Would you please transcribe the data in full and exactly, excluding images?

(Records contained in a dataset)
•••

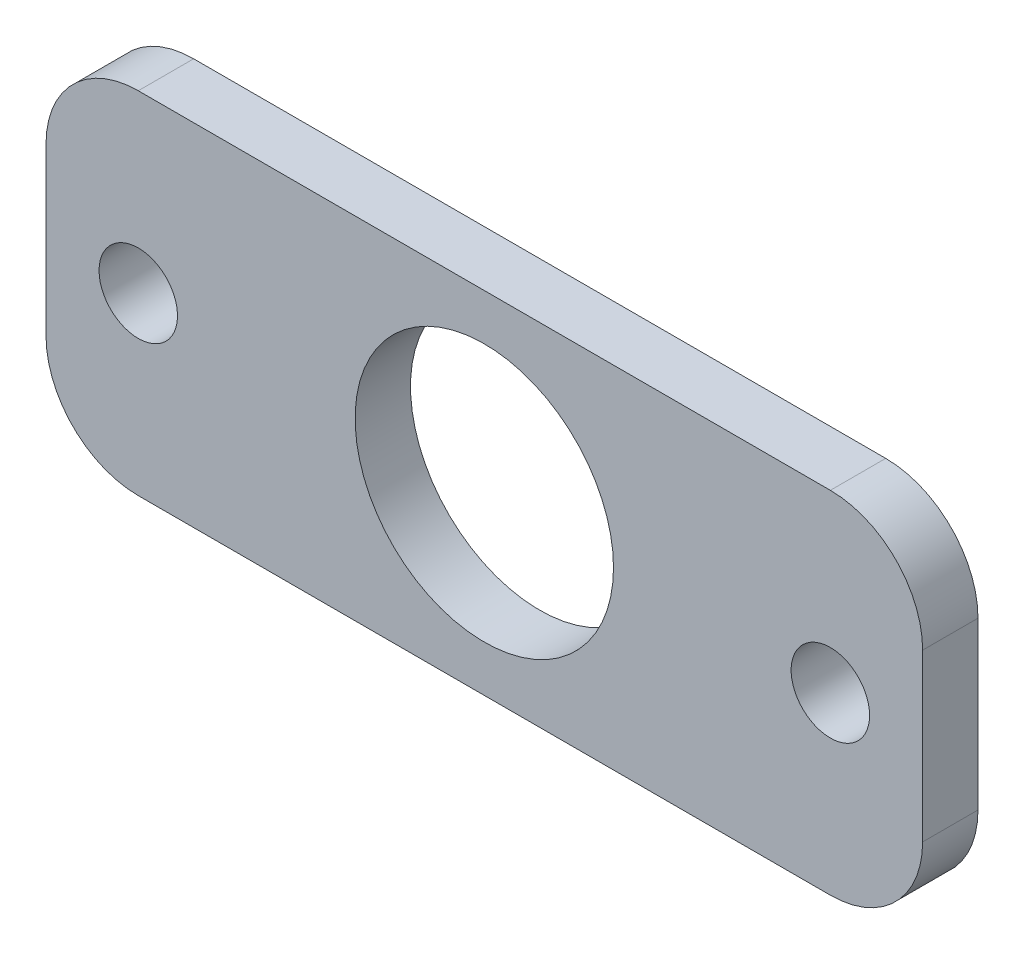
SolidWorks part; units mm, degrees
material "Plain Carbon Steel"
ref_plane "Front Plane" through (0, 0, 0) normal (0, 0, 1) x (1, 0, 0)
ref_plane "Top Plane" through (0, 0, 0) normal (0, 1, 0) x (1, 0, 0)
ref_plane "Right Plane" through (0, 0, 0) normal (1, 0, 0) x (0, 0, -1)
sketch "Sketch1" plane through (0, 0, 0) normal (0, 0, 1) x (1, 0, 0)
  line L0 (-424, 0) -> (424, 0) construction
  line L1 (399, 0) -> (304, 0)
  line L2 (399, 0) -> (399, -38)
  line L3 (399, -38) -> (304, -38)
  line L4 (304, 0) -> (304, -38)
  line L5 (429, -38) -> (-429, -38) construction
  line L6 (351.5, -19) -> (399, -19) construction
  line L7 (351.5, -19) -> (351.5, -38) construction
  line L10 (304, -19) -> (351.5, -19) construction
  line L12 (399, 3) -> (304, 3) construction
  line L13 (399, 0) -> (399, 6) construction
  line L14 (304, 0) -> (304, 6) construction
  line L15 (351.5, 3) -> (351.5, -90.1001) construction
  circle A0 centre (351.5, -19) radius 14
  circle A3 centre (389, -19) radius 4.25
  circle A4 centre (314, -19) radius 4.25
  dimension "D1" = 28
  dimension "D2" = 8.5
  dimension "D4" = 95
  dimension "D3" = 10
extrude "Boss-Extrude1" add sketch "Sketch1" along normal blind 6
fillet "Fillet1" radius 10 4 edges at (399, 0, 3) (399, -38, 3) (304, -38, 3) (304, 0, 3)
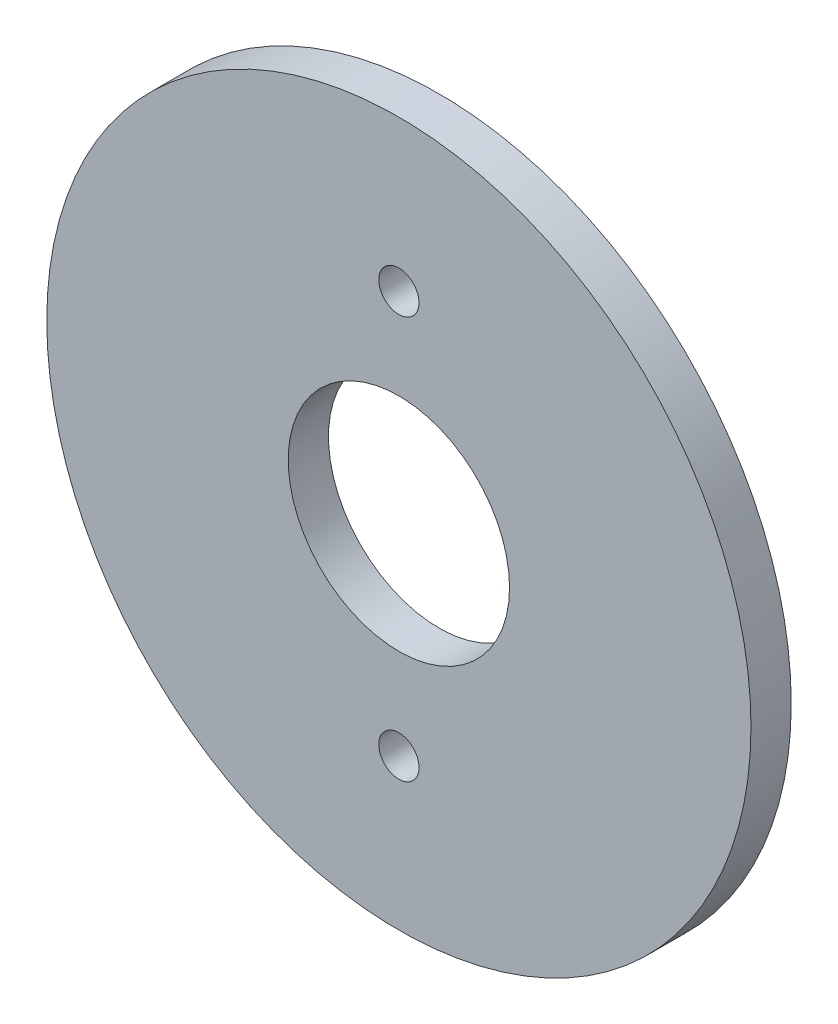
SolidWorks part; units mm, degrees
ref_plane "Спереди" through (0, 0, 0) normal (0, 0, 1) x (1, 0, 0)
ref_plane "Сверху" through (0, 0, 0) normal (0, 1, 0) x (1, 0, 0)
ref_plane "Справа" through (0, 0, 0) normal (1, 0, 0) x (0, 0, -1)
sketch "Эскиз1" plane through (0, 0, 0) normal (0, 0, 1) x (1, 0, 0)
  line L0 (0, 17.5) -> (0, -17.5) construction
  circle A0 centre (0, 0) radius 17.5
  circle A1 centre (0, 0) radius 10 construction
  circle A2 centre (0, 0) radius 5.5
  circle A3 centre (0, 10) radius 1
  circle A4 centre (0, -10) radius 1
  dimension "D1" = 35
  dimension "D2" = 20
  dimension "D3" = 11
  dimension "D4" = 2
  dimension "D5" = 2
extrude "Бобышка-Вытянуть1" add sketch "Эскиз1" along normal blind 2

•••

◆ **Solved exercise**:
SolidWorks part; units mm, degrees
material "Plain Carbon Steel"
ref_plane "Front Plane" through (0, 0, 0) normal (0, 0, 1) x (1, 0, 0)
ref_plane "Top Plane" through (0, 0, 0) normal (0, 1, 0) x (1, 0, 0)
ref_plane "Right Plane" through (0, 0, 0) normal (1, 0, 0) x (0, 0, -1)
sketch "Sketch1" plane through (0, 0, 0) normal (0, 0, 1) x (1, 0, 0)
  line L0 (-424, 0) -> (424, 0) construction
  line L1 (399, 0) -> (304, 0)
  line L2 (399, 0) -> (399, -38)
  line L3 (399, -38) -> (304, -38)
  line L4 (304, 0) -> (304, -38)
  line L5 (429, -38) -> (-429, -38) construction
  line L6 (351.5, -19) -> (399, -19) construction
  line L7 (351.5, -19) -> (351.5, -38) construction
  line L10 (304, -19) -> (351.5, -19) construction
  line L12 (399, 3) -> (304, 3) construction
  line L13 (399, 0) -> (399, 6) construction
  line L14 (304, 0) -> (304, 6) construction
  line L15 (351.5, 3) -> (351.5, -90.1001) construction
  circle A0 centre (351.5, -19) radius 14
  circle A3 centre (389, -19) radius 4.25
  circle A4 centre (314, -19) radius 4.25
  dimension "D1" = 28
  dimension "D2" = 8.5
  dimension "D4" = 95
  dimension "D3" = 10
extrude "Boss-Extrude1" add sketch "Sketch1" along normal blind 6
fillet "Fillet1" radius 10 4 edges at (399, 0, 3) (399, -38, 3) (304, -38, 3) (304, 0, 3)
SolidWorks part; units mm, degrees
ref_plane "Спереди" through (0, 0, 0) normal (0, 0, 1) x (1, 0, 0)
ref_plane "Сверху" through (0, 0, 0) normal (0, 1, 0) x (1, 0, 0)
ref_plane "Справа" through (0, 0, 0) normal (1, 0, 0) x (0, 0, -1)
sketch "Эскиз1" plane through (0, 0, 0) normal (0, 0, 1) x (1, 0, 0)
  line L0 (0, 17.5) -> (0, -17.5) construction
  circle A0 centre (0, 0) radius 17.5
  circle A1 centre (0, 0) radius 10 construction
  circle A2 centre (0, 0) radius 5.5
  circle A3 centre (0, 10) radius 1
  circle A4 centre (0, -10) radius 1
  dimension "D1" = 35
  dimension "D2" = 20
  dimension "D3" = 11
  dimension "D4" = 2
  dimension "D5" = 2
extrude "Бобышка-Вытянуть1" add sketch "Эскиз1" along normal blind 2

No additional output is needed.